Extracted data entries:
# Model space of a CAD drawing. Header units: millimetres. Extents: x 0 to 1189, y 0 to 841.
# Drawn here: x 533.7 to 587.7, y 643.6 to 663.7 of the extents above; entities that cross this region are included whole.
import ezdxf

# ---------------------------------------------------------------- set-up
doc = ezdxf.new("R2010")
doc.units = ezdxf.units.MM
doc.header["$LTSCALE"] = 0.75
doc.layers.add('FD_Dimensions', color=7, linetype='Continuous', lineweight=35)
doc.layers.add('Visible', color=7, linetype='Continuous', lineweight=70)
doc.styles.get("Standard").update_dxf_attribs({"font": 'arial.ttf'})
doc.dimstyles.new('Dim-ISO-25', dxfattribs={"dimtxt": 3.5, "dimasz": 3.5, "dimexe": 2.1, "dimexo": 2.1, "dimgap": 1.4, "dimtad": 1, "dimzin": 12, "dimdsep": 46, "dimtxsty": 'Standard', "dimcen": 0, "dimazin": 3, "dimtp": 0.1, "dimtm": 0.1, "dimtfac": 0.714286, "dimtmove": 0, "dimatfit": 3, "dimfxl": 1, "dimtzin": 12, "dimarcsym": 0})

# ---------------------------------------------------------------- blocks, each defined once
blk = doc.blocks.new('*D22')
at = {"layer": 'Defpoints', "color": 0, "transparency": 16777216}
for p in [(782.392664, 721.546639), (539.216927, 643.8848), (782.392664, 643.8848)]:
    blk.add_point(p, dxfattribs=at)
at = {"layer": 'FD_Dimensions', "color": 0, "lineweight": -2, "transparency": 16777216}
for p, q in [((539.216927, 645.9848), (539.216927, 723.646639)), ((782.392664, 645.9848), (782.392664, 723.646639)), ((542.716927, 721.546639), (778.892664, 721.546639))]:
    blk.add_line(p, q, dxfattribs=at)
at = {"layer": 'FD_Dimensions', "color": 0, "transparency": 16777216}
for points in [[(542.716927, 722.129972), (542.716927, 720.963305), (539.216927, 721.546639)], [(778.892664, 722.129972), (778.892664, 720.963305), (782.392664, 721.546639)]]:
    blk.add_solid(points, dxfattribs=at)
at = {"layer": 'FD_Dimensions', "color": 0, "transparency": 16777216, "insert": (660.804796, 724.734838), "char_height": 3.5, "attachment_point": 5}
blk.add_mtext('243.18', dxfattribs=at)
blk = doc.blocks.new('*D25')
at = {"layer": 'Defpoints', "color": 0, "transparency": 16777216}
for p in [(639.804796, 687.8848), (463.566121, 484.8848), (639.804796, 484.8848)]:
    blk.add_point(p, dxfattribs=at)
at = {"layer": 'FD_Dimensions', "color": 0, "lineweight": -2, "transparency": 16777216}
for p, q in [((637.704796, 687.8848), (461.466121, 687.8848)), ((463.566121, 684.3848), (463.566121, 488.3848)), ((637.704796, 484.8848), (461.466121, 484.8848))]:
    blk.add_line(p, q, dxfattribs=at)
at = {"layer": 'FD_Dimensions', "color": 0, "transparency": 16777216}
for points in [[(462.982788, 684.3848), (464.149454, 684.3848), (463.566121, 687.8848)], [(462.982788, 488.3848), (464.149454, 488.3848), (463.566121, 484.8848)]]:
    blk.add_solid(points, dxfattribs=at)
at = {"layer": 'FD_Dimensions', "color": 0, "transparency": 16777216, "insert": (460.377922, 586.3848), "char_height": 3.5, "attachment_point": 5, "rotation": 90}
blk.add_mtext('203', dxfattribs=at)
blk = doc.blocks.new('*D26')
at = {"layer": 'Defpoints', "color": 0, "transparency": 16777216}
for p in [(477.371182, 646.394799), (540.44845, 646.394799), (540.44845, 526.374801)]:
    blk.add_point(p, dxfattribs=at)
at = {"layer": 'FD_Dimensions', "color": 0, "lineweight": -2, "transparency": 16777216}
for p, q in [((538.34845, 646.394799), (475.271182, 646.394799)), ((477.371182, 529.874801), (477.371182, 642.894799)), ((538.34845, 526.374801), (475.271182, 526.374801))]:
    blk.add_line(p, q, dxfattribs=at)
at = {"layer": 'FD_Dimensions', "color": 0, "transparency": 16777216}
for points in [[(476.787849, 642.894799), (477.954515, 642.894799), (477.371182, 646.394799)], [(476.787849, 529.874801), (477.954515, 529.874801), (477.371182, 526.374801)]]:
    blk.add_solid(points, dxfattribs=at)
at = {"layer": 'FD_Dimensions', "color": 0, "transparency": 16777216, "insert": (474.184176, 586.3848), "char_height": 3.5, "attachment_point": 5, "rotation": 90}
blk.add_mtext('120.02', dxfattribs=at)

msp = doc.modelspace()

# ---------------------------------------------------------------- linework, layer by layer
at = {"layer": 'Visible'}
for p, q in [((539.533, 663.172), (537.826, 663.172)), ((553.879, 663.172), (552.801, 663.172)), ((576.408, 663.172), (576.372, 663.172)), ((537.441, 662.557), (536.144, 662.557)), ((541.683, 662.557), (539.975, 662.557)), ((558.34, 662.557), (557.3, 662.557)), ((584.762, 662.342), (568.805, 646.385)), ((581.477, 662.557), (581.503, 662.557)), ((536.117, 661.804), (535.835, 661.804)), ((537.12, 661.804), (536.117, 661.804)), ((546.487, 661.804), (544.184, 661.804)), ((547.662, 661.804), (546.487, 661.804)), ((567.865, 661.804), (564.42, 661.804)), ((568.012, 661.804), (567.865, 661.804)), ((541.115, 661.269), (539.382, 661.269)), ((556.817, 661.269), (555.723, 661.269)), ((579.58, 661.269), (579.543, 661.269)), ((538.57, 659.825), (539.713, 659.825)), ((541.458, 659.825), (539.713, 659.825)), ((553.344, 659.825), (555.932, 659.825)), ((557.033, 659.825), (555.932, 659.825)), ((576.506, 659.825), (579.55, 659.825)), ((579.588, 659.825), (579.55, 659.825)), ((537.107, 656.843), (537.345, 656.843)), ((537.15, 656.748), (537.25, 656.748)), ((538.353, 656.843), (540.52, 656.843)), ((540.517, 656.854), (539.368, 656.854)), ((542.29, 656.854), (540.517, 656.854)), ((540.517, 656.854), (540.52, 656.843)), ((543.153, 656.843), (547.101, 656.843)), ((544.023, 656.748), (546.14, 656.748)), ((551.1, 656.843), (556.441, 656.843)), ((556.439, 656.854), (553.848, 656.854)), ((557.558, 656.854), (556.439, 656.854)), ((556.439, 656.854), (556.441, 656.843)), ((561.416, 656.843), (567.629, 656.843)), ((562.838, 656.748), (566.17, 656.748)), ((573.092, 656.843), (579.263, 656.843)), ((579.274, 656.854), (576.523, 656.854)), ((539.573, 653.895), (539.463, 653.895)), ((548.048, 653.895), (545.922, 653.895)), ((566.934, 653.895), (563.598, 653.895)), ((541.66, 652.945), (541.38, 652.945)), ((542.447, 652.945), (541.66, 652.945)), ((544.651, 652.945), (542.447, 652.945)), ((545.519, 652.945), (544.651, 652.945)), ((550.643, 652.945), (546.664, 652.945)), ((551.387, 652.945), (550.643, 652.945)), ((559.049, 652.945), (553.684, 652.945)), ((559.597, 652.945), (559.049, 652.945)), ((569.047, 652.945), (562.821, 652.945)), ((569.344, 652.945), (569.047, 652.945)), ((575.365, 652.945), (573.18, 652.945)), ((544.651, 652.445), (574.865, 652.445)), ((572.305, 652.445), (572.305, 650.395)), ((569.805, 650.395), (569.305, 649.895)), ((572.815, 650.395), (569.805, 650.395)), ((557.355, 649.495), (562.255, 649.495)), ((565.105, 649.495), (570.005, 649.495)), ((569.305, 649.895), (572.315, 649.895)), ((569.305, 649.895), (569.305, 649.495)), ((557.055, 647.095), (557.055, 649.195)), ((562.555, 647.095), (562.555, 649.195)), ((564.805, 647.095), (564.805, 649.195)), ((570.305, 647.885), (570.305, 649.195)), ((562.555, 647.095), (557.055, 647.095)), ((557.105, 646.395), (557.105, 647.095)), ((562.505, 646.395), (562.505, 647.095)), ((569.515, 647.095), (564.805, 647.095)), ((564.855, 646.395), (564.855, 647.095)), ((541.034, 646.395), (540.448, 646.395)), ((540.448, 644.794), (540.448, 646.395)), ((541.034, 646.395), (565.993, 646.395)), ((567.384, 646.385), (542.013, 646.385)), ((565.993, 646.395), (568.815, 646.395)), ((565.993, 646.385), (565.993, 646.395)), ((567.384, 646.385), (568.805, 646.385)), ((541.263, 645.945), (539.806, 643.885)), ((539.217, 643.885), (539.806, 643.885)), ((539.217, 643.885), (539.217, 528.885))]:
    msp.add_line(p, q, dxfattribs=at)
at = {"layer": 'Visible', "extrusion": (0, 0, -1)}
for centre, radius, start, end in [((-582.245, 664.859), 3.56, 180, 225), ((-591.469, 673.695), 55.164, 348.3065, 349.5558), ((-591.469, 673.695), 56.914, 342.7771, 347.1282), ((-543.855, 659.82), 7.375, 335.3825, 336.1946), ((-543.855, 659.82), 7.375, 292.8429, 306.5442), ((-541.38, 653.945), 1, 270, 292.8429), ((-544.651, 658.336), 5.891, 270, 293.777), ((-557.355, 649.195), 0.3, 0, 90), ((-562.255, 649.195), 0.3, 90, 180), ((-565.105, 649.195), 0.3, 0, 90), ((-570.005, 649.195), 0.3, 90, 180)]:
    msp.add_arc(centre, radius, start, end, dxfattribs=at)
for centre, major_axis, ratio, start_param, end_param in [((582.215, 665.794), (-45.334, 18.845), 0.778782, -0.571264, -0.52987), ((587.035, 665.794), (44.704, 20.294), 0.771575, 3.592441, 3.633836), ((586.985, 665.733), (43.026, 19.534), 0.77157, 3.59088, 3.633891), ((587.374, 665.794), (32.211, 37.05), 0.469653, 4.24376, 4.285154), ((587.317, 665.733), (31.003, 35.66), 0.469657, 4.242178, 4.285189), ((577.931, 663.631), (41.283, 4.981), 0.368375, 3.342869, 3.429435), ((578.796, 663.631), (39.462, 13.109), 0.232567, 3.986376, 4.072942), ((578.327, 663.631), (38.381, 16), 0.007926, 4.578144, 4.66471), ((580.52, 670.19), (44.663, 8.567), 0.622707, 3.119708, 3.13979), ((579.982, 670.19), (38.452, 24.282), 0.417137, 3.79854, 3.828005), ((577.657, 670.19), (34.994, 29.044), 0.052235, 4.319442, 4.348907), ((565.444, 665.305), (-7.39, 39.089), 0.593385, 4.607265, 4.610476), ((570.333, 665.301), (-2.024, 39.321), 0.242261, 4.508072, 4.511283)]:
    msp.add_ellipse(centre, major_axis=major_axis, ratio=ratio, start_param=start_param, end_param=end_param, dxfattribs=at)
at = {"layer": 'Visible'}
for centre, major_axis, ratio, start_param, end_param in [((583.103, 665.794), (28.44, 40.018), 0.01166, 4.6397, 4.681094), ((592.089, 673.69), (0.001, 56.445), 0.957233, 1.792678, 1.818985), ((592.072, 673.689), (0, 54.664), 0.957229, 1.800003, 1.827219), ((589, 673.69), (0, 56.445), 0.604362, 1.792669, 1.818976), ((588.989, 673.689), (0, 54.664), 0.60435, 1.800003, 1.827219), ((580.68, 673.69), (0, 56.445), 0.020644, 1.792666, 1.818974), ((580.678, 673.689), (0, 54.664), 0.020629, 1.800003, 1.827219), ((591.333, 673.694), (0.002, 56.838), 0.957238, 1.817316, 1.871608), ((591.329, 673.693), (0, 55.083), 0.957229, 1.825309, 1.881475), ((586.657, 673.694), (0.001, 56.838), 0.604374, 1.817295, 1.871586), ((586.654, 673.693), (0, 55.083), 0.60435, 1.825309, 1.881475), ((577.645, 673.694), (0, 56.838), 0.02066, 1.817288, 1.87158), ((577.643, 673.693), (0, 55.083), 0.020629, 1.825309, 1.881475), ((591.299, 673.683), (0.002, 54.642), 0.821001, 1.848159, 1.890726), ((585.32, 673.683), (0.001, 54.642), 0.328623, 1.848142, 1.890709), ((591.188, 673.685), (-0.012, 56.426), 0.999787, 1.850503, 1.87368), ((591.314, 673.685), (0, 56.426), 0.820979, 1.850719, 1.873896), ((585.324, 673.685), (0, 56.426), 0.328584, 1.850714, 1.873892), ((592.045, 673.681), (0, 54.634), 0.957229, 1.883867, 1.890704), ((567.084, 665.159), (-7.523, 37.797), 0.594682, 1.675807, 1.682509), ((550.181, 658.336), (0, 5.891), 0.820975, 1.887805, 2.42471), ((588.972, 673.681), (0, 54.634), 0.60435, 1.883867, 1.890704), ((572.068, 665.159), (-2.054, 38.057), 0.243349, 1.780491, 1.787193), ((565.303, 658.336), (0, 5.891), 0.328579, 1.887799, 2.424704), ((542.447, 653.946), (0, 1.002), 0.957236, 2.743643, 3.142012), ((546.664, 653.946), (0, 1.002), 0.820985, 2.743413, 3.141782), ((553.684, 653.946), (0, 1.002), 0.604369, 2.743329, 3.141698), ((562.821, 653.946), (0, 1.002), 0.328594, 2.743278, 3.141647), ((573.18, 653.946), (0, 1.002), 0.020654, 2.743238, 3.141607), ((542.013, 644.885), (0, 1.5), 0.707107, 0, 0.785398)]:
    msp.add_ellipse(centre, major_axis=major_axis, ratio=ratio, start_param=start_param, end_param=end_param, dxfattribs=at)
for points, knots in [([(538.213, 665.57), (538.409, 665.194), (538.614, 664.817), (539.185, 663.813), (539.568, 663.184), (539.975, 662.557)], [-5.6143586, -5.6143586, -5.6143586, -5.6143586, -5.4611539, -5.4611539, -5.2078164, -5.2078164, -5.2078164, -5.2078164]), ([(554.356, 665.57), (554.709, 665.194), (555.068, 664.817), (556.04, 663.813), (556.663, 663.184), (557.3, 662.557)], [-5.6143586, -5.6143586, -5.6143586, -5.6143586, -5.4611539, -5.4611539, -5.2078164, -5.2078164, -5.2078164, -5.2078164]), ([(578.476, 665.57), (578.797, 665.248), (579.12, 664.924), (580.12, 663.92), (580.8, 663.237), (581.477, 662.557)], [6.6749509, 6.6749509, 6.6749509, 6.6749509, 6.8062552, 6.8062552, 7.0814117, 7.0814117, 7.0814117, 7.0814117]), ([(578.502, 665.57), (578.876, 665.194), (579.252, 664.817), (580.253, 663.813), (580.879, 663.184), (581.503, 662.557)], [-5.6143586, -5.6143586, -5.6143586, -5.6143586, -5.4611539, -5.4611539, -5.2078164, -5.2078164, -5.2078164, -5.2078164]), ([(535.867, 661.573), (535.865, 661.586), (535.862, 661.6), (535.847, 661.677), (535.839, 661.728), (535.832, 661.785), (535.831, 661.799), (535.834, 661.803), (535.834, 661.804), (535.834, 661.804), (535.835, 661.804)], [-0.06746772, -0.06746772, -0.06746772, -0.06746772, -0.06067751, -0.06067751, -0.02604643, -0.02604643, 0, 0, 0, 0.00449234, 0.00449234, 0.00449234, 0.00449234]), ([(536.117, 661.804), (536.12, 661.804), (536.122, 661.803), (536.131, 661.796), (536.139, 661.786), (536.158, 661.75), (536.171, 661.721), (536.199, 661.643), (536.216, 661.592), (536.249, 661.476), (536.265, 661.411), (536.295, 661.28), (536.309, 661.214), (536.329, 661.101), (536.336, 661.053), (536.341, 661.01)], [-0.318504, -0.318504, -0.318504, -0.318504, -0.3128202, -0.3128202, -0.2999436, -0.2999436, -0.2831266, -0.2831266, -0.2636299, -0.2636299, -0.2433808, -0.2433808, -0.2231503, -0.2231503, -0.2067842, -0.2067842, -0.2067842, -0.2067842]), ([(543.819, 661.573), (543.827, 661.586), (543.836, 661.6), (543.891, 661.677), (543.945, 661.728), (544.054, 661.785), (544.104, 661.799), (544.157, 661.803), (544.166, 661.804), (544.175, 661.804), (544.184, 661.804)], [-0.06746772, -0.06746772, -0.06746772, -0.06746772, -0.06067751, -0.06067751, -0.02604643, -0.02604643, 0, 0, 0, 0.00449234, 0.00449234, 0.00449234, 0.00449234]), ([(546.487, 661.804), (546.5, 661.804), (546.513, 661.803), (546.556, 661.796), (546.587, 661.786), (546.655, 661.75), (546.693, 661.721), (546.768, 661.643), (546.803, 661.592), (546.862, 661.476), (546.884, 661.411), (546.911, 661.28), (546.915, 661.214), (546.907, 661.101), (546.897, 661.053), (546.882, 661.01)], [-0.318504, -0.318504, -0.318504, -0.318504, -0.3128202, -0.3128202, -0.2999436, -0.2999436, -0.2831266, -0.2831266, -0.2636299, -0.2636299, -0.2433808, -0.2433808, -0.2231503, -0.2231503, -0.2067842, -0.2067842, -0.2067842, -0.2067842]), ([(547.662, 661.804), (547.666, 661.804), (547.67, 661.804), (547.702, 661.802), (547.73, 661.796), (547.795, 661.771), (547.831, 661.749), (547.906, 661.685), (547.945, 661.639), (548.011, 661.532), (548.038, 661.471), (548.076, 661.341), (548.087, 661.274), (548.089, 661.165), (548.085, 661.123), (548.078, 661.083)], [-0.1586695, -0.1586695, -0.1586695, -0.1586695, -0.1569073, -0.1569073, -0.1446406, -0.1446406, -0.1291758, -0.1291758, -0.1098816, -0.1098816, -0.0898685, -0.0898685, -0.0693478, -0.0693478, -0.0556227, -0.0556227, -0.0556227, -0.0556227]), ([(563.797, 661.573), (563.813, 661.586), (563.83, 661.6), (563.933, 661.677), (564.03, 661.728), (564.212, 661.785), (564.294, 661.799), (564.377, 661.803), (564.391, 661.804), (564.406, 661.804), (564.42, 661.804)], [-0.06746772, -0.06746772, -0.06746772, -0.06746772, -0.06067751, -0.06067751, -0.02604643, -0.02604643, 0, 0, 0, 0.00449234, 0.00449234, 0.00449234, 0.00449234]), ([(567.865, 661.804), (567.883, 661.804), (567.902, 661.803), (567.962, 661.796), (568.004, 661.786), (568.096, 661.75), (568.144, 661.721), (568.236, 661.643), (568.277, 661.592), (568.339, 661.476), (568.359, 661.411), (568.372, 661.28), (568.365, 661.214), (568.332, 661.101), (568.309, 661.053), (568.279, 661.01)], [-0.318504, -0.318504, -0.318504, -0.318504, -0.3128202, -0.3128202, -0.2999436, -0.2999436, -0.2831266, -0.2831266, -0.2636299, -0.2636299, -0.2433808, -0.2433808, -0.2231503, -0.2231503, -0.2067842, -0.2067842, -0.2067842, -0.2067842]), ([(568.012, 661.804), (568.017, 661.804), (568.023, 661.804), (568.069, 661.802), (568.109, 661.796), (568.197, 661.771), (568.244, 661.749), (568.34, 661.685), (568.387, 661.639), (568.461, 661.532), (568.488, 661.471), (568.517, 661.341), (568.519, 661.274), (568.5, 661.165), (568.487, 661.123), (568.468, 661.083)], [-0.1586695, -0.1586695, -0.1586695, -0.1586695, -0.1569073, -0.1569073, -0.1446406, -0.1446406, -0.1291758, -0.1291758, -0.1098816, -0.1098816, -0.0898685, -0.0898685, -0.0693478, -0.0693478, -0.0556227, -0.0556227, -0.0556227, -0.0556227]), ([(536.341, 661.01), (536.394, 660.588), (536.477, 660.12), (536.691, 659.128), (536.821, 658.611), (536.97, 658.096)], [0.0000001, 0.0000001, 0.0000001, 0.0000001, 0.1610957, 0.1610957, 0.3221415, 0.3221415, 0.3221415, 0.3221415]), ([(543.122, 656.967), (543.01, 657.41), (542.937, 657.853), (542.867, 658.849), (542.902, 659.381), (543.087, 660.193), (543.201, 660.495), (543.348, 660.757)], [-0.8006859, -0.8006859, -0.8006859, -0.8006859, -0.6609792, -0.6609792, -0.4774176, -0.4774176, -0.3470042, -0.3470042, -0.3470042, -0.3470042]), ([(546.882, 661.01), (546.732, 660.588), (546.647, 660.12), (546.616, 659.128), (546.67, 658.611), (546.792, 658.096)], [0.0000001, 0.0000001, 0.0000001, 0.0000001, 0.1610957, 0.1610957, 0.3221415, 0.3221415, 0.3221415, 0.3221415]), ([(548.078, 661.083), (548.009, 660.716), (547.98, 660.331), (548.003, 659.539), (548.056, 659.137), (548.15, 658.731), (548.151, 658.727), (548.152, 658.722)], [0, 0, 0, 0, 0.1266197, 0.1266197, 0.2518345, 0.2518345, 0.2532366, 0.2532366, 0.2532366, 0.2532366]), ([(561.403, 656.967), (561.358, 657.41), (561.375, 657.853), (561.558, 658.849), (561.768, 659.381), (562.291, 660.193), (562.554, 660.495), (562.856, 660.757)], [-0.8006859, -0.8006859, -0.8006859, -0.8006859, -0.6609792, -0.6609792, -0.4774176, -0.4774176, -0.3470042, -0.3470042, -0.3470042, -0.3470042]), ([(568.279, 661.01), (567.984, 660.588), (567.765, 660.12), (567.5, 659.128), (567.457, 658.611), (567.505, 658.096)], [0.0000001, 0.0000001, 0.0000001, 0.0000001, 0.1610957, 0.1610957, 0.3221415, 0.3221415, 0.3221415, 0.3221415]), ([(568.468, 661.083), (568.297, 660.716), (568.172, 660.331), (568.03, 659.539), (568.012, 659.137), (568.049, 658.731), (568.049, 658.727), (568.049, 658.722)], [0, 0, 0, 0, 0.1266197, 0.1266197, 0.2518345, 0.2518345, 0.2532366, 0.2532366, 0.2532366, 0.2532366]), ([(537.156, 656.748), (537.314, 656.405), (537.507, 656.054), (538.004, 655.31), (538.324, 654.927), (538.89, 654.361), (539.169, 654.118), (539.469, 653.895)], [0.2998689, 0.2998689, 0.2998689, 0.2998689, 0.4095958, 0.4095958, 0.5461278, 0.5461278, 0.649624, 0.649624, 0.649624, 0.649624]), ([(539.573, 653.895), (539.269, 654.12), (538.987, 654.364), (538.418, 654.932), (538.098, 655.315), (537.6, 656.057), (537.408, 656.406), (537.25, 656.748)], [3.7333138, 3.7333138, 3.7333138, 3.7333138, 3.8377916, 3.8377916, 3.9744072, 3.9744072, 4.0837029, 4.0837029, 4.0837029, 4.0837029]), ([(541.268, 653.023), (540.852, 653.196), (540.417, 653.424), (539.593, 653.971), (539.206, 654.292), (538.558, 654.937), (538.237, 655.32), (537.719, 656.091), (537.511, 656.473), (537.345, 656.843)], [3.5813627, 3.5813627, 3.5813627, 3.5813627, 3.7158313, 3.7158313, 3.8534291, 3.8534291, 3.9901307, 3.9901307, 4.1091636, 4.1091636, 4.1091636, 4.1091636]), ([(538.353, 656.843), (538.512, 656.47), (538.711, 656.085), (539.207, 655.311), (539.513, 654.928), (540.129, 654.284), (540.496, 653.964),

WHAT YOU NEED TO DO |
Each line in the records above with "Standard" must be returned.

REPLY |
doc.styles.get("Standard").update_dxf_attribs({"font": 'arial.ttf'})
doc.dimstyles.new('Dim-ISO-25', dxfattribs={"dimtxt": 3.5, "dimasz": 3.5, "dimexe": 2.1, "dimexo": 2.1, "dimgap": 1.4, "dimtad": 1, "dimzin": 12, "dimdsep": 46, "dimtxsty": 'Standard', "dimcen": 0, "dimazin": 3, "dimtp": 0.1, "dimtm": 0.1, "dimtfac": 0.714286, "dimtmove": 0, "dimatfit": 3, "dimfxl": 1, "dimtzin": 12, "dimarcsym": 0})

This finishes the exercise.